Because of false positives, seroprevalence is massively overestimated everywhere that there hasn’t been a massive outbreak. In those places the IFR is 1-2%. But can we extrapolate to normal outbreaks? If, as widely believed, an overrun medical system has worse mortality, then maybe the normal IFR really is only 0.5-1%. But if your meta-analysis directly measures that, it is not well-done.
The CFR will shift substantially over time and location as testing changes. I’m not sure how you would reliably use this information. IFR should not change much and tells you how bad it is for you personally to get sick.
I wouldn’t call the model Zvi links expert-promoted. Every expert I talked to thought it had problems, and the people behind it are economists not epidemiologists or statisticians.
For IFR you can start with seroprevalence data here and then work back from death rates: https://twitter.com/ScottGottliebMD/status/1268191059009581056
Regarding back-of-the-envelope calculations, I think we have different approaches to evidence/data. I started with back-of-the-envelope calculations 3 months ago. But I would have based things on a variety of BOTECs and not a single one. Now I’ve found other sources that are taking the BOTEC and doing smarter stuff on top of it, so I mostly defer to those sources, or to experts with a good track record. This is easier for me because I’ve worked full-time on COVID for the past 3 months; if I weren’t in that position I’d probably combine some of my own BOTECs with opinions of people I trusted. In your case, I predict Zvi if you asked him would also say the IFR was in the range I gave.
I clicked through to the tweet you mentioned, which contains a screencap of a chart purporting to show “An Approximate Percentage of the Population That Has COVID-19 Antibodies.” No dates or other info about how these numbers might have been generated.
Fortunately, Gottlieb’s next tweet in the thread contains another screencap of the URLs of the studies mentioned in the chart. I hand-transcribed the Wuhan study URL, and found that while it was performed at a date that’s probably helpful (April 20th) it’s a study in a single hospital in Wuhan, and the abstract explicitly says it’s not a good population estimate:
I’d need to know more about e.g. hospitalization rates in Wuhan to interpret this.
The New York numbers seem to come from a press release, with no clear info about how testing was conducted.
All of these are point estimates, and to get ongoing infection rates, I’d need to fit a time series model with too many degrees of freedom. Not saying no one can do this, but definitely saying it’s not clear to me how I can make use of these numbers without working on the problem full time for a few weeks.
You’ve nonspecifically referred to experts and models a few times; that’s not helpful and only serves to intimidate. What would be helpful would be if you could point to specific models by specific experts that make specific claims which you found helpful.

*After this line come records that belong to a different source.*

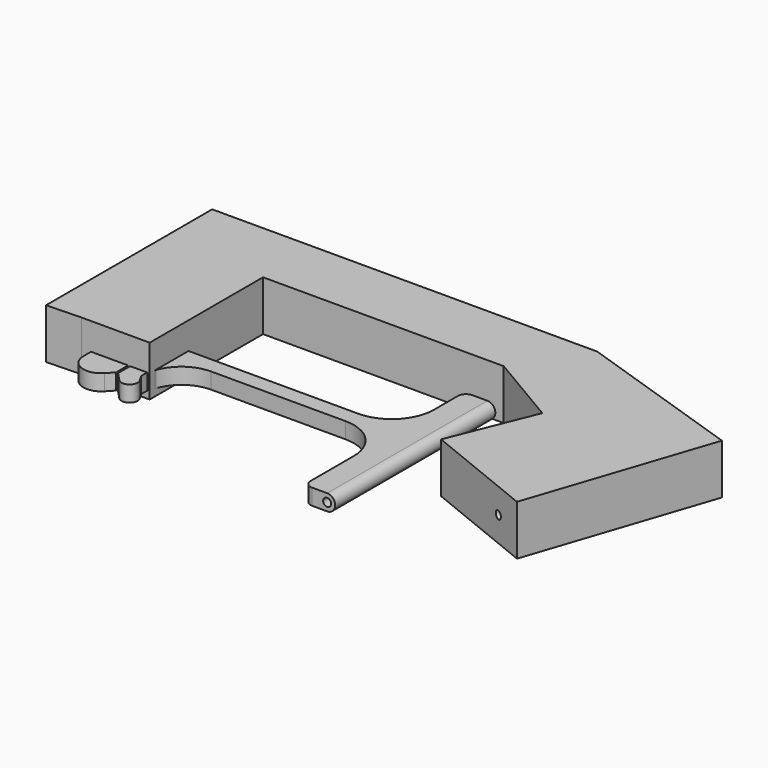
from build123d import *

# Parameters (mm, degrees)
F3_DEPTH  = 25
F4_R      = 2
F5_REACH  = 179.0646776001
F7_DEPTH  = 15
F8_R      = 2
F9_DEPTH  = 100.001
F10_W     = 4
F10_H     = 3.5
F10_W_2   = 21
F10_W_3   = 100
F10_W_4   = 14
F11_DEPTH = 100.001


# Not quite as in the source:
# - the program builds the solid bodies; features that only make, move or delete a surface that nothing else refers to are left out


with BuildPart() as f3:
    # F2 (on Top) → F3 (new body)
    with BuildSketch(Plane.XY):
        Polygon((-41.0616472363, -7.7508748509), (-23.7303264439, -7.237566635), (10.2535411716, -7.237566635), (10.2535411716, 63.5198950768), (130.4651498795, 63.5198950768), (166.9851094484, 41.9629588723), (149.9931961298, 0), (206.0509233637, -22.6992582886), (236.1825853586, 67.5677359104), (151.1922137485, 95.9380297581), (-41.0616472363, 95.9380297581), align=None)
    extrude(amount=F3_DEPTH)

    f5_end = f3.faces().sort_by_distance((178.0220597468, -11.3496291443, 12.5))[0]
    # F4 (on face) → F5 (cut, up to a face of the model that its end follows)
    with BuildSketch(Plane(origin=(43.9718677966, 131.7288218617, 0), x_dir=(-0.9485487152, 0.3166312286, 0), z_dir=(0.3166312286, 0.9485487152, 0))):
        with Locations((-187.8149360418, 12.5)):
            Circle(F4_R)
    f5_long = extrude(amount=-F5_REACH, mode=Mode.PRIVATE)
    add(split(f5_long, bisect_by=f5_end, keep=Keep.BOTTOM, mode=Mode.PRIVATE), mode=Mode.SUBTRACT)


with BuildPart() as f7:
    # F6 (on Top) → F7 (new body)
    with BuildSketch(Plane.XY):
        with BuildLine():
            ThreePointArc((108.5646599662, 17), (106.9006209041, 16.0142040831), (105.1653529206, 15.16))
            ThreePointArc((105.1653529206, 15.16), (118.8306025385, 4.5258095914), (124, -12))
            Line((124, -12), (124, -39))
            ThreePointArc((124, -39), (122.8284271247, -41.8284271247), (120, -43))
            Line((120, -43), (135, -43))
            Line((135, -43), (135, 17))
            Line((135, 17), (124, 17))
            Line((124, 17), (108.5646599662, 17))
        make_face()
        with BuildLine():
            Line((-0.5, -7.7916666667), (-2.8378378378, -0.972972973))
            ThreePointArc((-2.8378378378, -0.972972973), (0, 3), (2.8378378378, -0.972972973))
            Line((2.8378378378, -0.972972973), (0.5, -7.7916666667))
            Line((0.5, -7.7916666667), (0.5, -14.7755569556))
            Line((0.5, -14.7755569556), (4.6019879687, -19.087213573))
            ThreePointArc((4.6019879687, -19.087213573), (9.8953251293, -19.5336278423), (10.9641016151, -14.3301270189))
            Line((10.9641016151, -14.3301270189), (9, -10.9282032303))
            Line((9, -10.9282032303), (9, -7.6666666667))
            Line((9, -7.6666666667), (10.4054054054, -3.5675675676))
            ThreePointArc((10.4054054054, -3.5675675676), (17.1889695968, 5.5354425644), (28, 9))
            Line((28, 9), (95, 9))
            ThreePointArc((95, 9), (109.8492424049, 2.8492424049), (116, -12))
            Line((116, -12), (116, -39))
            ThreePointArc((116, -39), (117.1715728753, -41.8284271247), (120, -43))
            ThreePointArc((120, -43), (122.8284271247, -41.8284271247), (124, -39))
            Line((124, -39), (124, -12))
            ThreePointArc((124, -12), (118.8306025385, 4.5258095914), (105.1653529206, 15.16))
            ThreePointArc((105.1653529206, 15.16), (100.1652686281, 16.5362926814), (95, 17))
            Line((95, 17), (-5, 17))
            ThreePointArc((-5, 17), (-14.8994949366, 12.8994949366), (-19, 3))
            Line((-19, 3), (-19, -12))
            ThreePointArc((-19, -12), (-13.4147336478, -20.247270588), (-3.6835816648, -18.1218639308))
            Line((-3.6835816648, -18.1218639308), (-0.5, -14.7755569556))
            Line((-0.5, -14.7755569556), (-0.5, -7.7916666667))
        make_face()
        with BuildLine():
            ThreePointArc((116, 38), (109.8492424049, 23.1507575951), (95, 17))
            Line((95, 17), (108.5646599662, 17))
            Line((108.5646599662, 17), (124, 17))
            Line((124, 17), (135, 17))
            Line((135, 17), (135, 57))
            Line((135, 57), (120, 57))
            ThreePointArc((120, 57), (117.1715728753, 55.8284271247), (116, 53))
            Line((116, 53), (116, 38))
        make_face()
        with BuildLine():
            Line((108.5646599662, 17), (95, 17))
            ThreePointArc((95, 17), (100.1652686281, 16.5362926814), (105.1653529206, 15.16))
            ThreePointArc((105.1653529206, 15.16), (106.9006209041, 16.0142040831), (108.5646599662, 17))
        make_face()
    extrude(amount=F7_DEPTH)

    # F8 (on face) → F9 (cut, through all)
    with BuildSketch(Plane(origin=(0, 57, 0), x_dir=(-1, 0, 0), z_dir=(0, 1, 0))):
        with Locations((-127.5, 7.5)):
            Circle(F8_R)
    extrude(amount=-F9_DEPTH, mode=Mode.SUBTRACT)

    # F10 (on face) → F11 (cut, through all)
    with BuildSketch(Plane(origin=(0, 57, 0), x_dir=(-1, 0, 0), z_dir=(0, 1, 0))):
        with BuildLine():
            ThreePointArc((-127.5, 3.5), (-131.5, 7.5), (-127.5, 11.5))
            Line((-127.5, 11.5), (-120, 11.5))
            Line((-120, 11.5), (-120, 15))
            Line((-120, 15), (-135, 15))
            Line((-135, 15), (-135, 0))
            Line((-135, 0), (-120, 0))
            Line((-120, 0), (-120, 3.5))
            Line((-120, 3.5), (-127.5, 3.5))
        make_face()
        with Locations((-118, 13.25)):
            Rectangle(F10_W, F10_H)
        with Locations((-105.5, 13.25)):
            Rectangle(F10_W_2, F10_H)
        with Locations((-118, 1.75)):
            Rectangle(F10_W, F10_H)
        with Locations((-105.5, 1.75)):
            Rectangle(F10_W_2, F10_H)
        with Locations((-45, 1.75)):
            Rectangle(F10_W_3, F10_H)
        with Locations((-45, 13.25)):
            Rectangle(F10_W_3, F10_H)
        with Locations((12, 13.25)):
            Rectangle(F10_W_4, F10_H)
        with Locations((12, 1.75)):
            Rectangle(F10_W_4, F10_H)
    extrude(amount=-F11_DEPTH, mode=Mode.SUBTRACT)


solid = Compound([f3.part, f7.part])
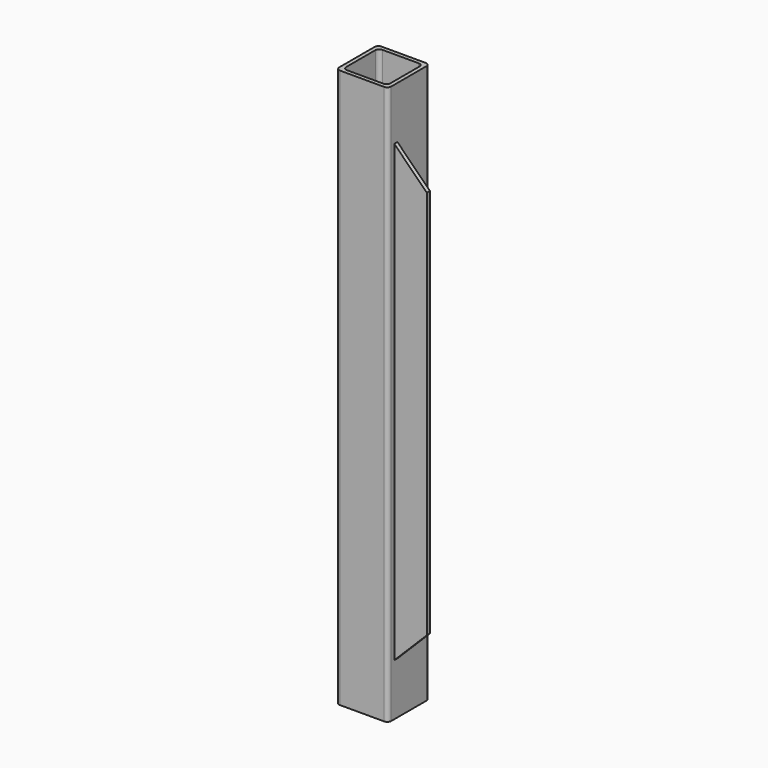
from build123d import *

# Parameters (mm, degrees)
F1_DEPTH = 175
F2_W     = 3
F2_H     = 350
F3_DEPTH = 25
F5_DEPTH = 34.001
F7_DEPTH = 40


# Not quite as in the source:
# - a pattern or mirror of a feature is missing from the dataset's text; its kind, count and spacing are read off the source's solid


with BuildPart() as f1:
    # F0 (on Top) → F1 (new body, symmetric)
    with BuildSketch(Plane.XY):
        with BuildLine():
            ThreePointArc((20, 17), (19.1213203436, 19.1213203436), (17, 20))
            Line((17, 20), (-17, 20))
            ThreePointArc((-17, 20), (-19.1213203436, 19.1213203436), (-20, 17))
            Line((-20, 17), (-20, -17))
            ThreePointArc((-20, -17), (-19.1213203436, -19.1213203436), (-17, -20))
            Line((-17, -20), (17, -20))
            ThreePointArc((17, -20), (19.1213203436, -19.1213203436), (20, -17))
            Line((20, -17), (20, 17))
        make_face()
        with BuildLine():
            ThreePointArc((14, 17), (16.1213203436, 16.1213203436), (17, 14))
            Line((17, 14), (17, -14))
            ThreePointArc((17, -14), (16.1213203436, -16.1213203436), (14, -17))
            Line((14, -17), (-14, -17))
            ThreePointArc((-14, -17), (-16.1213203436, -16.1213203436), (-17, -14))
            Line((-17, -14), (-17, 14))
            ThreePointArc((-17, 14), (-16.1213203436, 16.1213203436), (-14, 17))
            Line((-14, 17), (14, 17))
        make_face(mode=Mode.SUBTRACT)
    extrude(amount=F1_DEPTH, both=True)

    # F2 (on face) → F3 (join)
    with BuildSketch(Plane.YZ.offset(20)):
        with Locations((-12.5, 0)):
            Rectangle(F2_W, F2_H)
    extrude(amount=F3_DEPTH)

    # F4 (on face) → F5 (cut, through all)
    with BuildSketch(Plane.XZ.offset(14)):
        Polygon((45, 175), (20, 175), (45, 150), align=None)
    f5 = extrude(amount=-F5_DEPTH, mode=Mode.SUBTRACT)

    # F5_copies: F5 across plane
    add(f5.mirror(Plane(origin=(0, 0, 0), x_dir=(-1, 0, 0), z_dir=(0, 0, -1))), mode=Mode.SUBTRACT)

    # F6 (on face) → F7 (join)
    with BuildSketch(Plane.XY.offset(175)):
        with BuildLine():
            Line((-20, 17), (-20, -17))
            ThreePointArc((-20, -17), (-19.1213203436, -19.1213203436), (-17, -20))
            Line((-17, -20), (17, -20))
            ThreePointArc((17, -20), (19.1213203436, -19.1213203436), (20, -17))
            Line((20, -17), (20, -14))
            Line((20, -14), (20, -11))
            Line((20, -11), (20, 17))
            ThreePointArc((20, 17), (19.1213203436, 19.1213203436), (17, 20))
            Line((17, 20), (-17, 20))
            ThreePointArc((-17, 20), (-19.1213203436, 19.1213203436), (-20, 17))
        make_face()
        with BuildLine():
            ThreePointArc((-14, -17), (-16.1213203436, -16.1213203436), (-17, -14))
            Line((-17, -14), (-17, 14))
            ThreePointArc((-17, 14), (-16.1213203436, 16.1213203436), (-14, 17))
            Line((-14, 17), (14, 17))
            ThreePointArc((14, 17), (16.1213203436, 16.1213203436), (17, 14))
            Line((17, 14), (17, -14))
            ThreePointArc((17, -14), (16.1213203436, -16.1213203436), (14, -17))
            Line((14, -17), (-14, -17))
        make_face(mode=Mode.SUBTRACT)
    f7 = extrude(amount=F7_DEPTH)

    # F7_copies: F7 across plane
    add(f7.mirror(Plane(origin=(0, 0, 0), x_dir=(-1, 0, 0), z_dir=(0, 0, -1))))


solid = f1.part

I’m not trying to intimidate; I’m trying to point out that I think you’re making errors that could be corrected by more research, which I hoped would be helpful. I’ve provided one link (which took me some time to dig up). If you don’t find this useful that’s fine, you’re not obligated to believe me and I’m not obligated to turn a LW comment into a lit review.
Given that it apparently took you some time to dig up even as much as a tweet with a screen cap of some numbers that with quite a lot of additional investigation might be helpful, I hope you’re now at least less “confused” about why I am “relying on this back of the envelope rather than the pretty extensive body of work on this question.”
If you want to see something better, show something better.
The director of NIAID publicly endorsed that model’s bottom line.
Because of false positives, seroprevalence is massively overestimated everywhere that there hasn’t been a massive outbreak. In those places the IFR is 1-2%. But can we extrapolate to normal outbreaks? If, as widely believed, an overrun medical system has worse mortality, then maybe the normal IFR really is only 0.5-1%. But if your meta-analysis directly measures that, it is not well-done.